Data for analysis:
○ ○ ○ ○

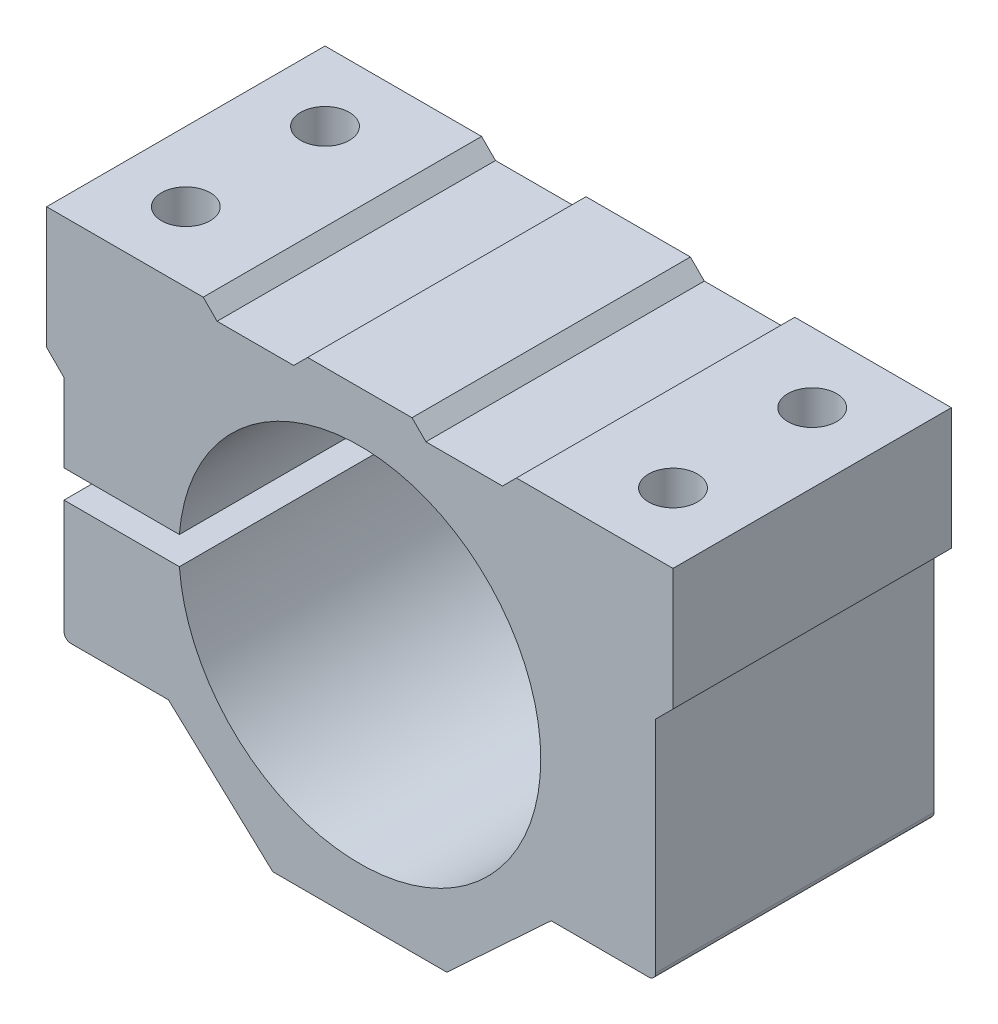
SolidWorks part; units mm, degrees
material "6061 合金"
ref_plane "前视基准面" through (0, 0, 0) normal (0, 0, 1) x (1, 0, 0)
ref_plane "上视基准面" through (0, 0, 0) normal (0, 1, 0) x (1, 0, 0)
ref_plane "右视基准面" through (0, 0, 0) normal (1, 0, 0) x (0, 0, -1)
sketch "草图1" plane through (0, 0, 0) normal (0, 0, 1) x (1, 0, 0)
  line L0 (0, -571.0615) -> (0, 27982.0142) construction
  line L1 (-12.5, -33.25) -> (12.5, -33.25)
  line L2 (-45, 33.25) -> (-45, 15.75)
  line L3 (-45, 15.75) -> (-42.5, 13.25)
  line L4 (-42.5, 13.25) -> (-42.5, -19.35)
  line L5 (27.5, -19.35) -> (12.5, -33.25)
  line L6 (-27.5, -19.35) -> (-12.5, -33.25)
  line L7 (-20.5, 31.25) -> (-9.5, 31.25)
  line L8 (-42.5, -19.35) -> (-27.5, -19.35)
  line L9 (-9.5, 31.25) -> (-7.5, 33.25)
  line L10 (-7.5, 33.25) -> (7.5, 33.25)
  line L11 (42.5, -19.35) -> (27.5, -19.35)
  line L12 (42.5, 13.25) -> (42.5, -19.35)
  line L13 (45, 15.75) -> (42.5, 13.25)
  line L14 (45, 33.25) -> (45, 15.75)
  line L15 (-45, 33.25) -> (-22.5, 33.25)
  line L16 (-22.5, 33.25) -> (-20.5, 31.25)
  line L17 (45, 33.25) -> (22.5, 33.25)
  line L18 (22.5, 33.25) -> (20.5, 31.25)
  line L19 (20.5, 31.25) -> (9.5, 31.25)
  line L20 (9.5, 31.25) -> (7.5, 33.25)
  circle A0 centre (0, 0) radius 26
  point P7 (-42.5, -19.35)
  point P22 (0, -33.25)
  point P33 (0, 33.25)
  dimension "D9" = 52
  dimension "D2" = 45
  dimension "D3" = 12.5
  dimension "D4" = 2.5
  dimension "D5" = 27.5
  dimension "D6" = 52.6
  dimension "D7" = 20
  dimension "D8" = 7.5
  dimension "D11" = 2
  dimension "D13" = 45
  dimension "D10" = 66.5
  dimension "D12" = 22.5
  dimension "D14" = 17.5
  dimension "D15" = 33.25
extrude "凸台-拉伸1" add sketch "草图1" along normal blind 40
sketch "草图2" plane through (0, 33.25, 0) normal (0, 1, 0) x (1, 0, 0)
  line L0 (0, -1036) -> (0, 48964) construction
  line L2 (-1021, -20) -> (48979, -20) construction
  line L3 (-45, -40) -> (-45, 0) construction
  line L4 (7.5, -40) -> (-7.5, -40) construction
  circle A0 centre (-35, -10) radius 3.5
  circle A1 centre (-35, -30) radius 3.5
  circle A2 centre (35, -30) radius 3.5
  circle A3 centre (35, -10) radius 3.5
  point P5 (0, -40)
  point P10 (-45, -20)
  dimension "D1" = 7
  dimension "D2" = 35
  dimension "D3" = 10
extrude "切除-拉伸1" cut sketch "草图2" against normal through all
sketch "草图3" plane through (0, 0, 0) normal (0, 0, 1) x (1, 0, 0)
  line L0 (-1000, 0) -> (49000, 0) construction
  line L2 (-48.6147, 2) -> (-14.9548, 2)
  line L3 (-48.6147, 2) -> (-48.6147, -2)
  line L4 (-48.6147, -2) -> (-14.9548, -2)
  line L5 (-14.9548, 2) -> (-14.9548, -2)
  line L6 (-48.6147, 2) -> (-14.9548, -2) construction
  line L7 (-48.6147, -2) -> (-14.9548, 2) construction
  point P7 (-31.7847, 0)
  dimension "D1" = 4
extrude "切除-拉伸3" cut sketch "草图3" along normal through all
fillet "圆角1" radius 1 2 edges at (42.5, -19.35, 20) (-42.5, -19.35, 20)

○ ○ ○ ○

What the task asks: Please output all the data exactly as given, with the pictures omitted.

Output:
SolidWorks part; units mm, degrees
material "6061 合金"
ref_plane "前视基准面" through (0, 0, 0) normal (0, 0, 1) x (1, 0, 0)
ref_plane "上视基准面" through (0, 0, 0) normal (0, 1, 0) x (1, 0, 0)
ref_plane "右视基准面" through (0, 0, 0) normal (1, 0, 0) x (0, 0, -1)
sketch "草图1" plane through (0, 0, 0) normal (0, 0, 1) x (1, 0, 0)
  line L0 (0, -571.0615) -> (0, 27982.0142) construction
  line L1 (-12.5, -33.25) -> (12.5, -33.25)
  line L2 (-45, 33.25) -> (-45, 15.75)
  line L3 (-45, 15.75) -> (-42.5, 13.25)
  line L4 (-42.5, 13.25) -> (-42.5, -19.35)
  line L5 (27.5, -19.35) -> (12.5, -33.25)
  line L6 (-27.5, -19.35) -> (-12.5, -33.25)
  line L7 (-20.5, 31.25) -> (-9.5, 31.25)
  line L8 (-42.5, -19.35) -> (-27.5, -19.35)
  line L9 (-9.5, 31.25) -> (-7.5, 33.25)
  line L10 (-7.5, 33.25) -> (7.5, 33.25)
  line L11 (42.5, -19.35) -> (27.5, -19.35)
  line L12 (42.5, 13.25) -> (42.5, -19.35)
  line L13 (45, 15.75) -> (42.5, 13.25)
  line L14 (45, 33.25) -> (45, 15.75)
  line L15 (-45, 33.25) -> (-22.5, 33.25)
  line L16 (-22.5, 33.25) -> (-20.5, 31.25)
  line L17 (45, 33.25) -> (22.5, 33.25)
  line L18 (22.5, 33.25) -> (20.5, 31.25)
  line L19 (20.5, 31.25) -> (9.5, 31.25)
  line L20 (9.5, 31.25) -> (7.5, 33.25)
  circle A0 centre (0, 0) radius 26
  point P7 (-42.5, -19.35)
  point P22 (0, -33.25)
  point P33 (0, 33.25)
  dimension "D9" = 52
  dimension "D2" = 45
  dimension "D3" = 12.5
  dimension "D4" = 2.5
  dimension "D5" = 27.5
  dimension "D6" = 52.6
  dimension "D7" = 20
  dimension "D8" = 7.5
  dimension "D11" = 2
  dimension "D13" = 45
  dimension "D10" = 66.5
  dimension "D12" = 22.5
  dimension "D14" = 17.5
  dimension "D15" = 33.25
extrude "凸台-拉伸1" add sketch "草图1" along normal blind 40
sketch "草图2" plane through (0, 33.25, 0) normal (0, 1, 0) x (1, 0, 0)
  line L0 (0, -1036) -> (0, 48964) construction
  line L2 (-1021, -20) -> (48979, -20) construction
  line L3 (-45, -40) -> (-45, 0) construction
  line L4 (7.5, -40) -> (-7.5, -40) construction
  circle A0 centre (-35, -10) radius 3.5
  circle A1 centre (-35, -30) radius 3.5
  circle A2 centre (35, -30) radius 3.5
  circle A3 centre (35, -10) radius 3.5
  point P5 (0, -40)
  point P10 (-45, -20)
  dimension "D1" = 7
  dimension "D2" = 35
  dimension "D3" = 10
extrude "切除-拉伸1" cut sketch "草图2" against normal through all
sketch "草图3" plane through (0, 0, 0) normal (0, 0, 1) x (1, 0, 0)
  line L0 (-1000, 0) -> (49000, 0) construction
  line L2 (-48.6147, 2) -> (-14.9548, 2)
  line L3 (-48.6147, 2) -> (-48.6147, -2)
  line L4 (-48.6147, -2) -> (-14.9548, -2)
  line L5 (-14.9548, 2) -> (-14.9548, -2)
  line L6 (-48.6147, 2) -> (-14.9548, -2) construction
  line L7 (-48.6147, -2) -> (-14.9548, 2) construction
  point P7 (-31.7847, 0)
  dimension "D1" = 4
extrude "切除-拉伸3" cut sketch "草图3" along normal through all
fillet "圆角1" radius 1 2 edges at (42.5, -19.35, 20) (-42.5, -19.35, 20)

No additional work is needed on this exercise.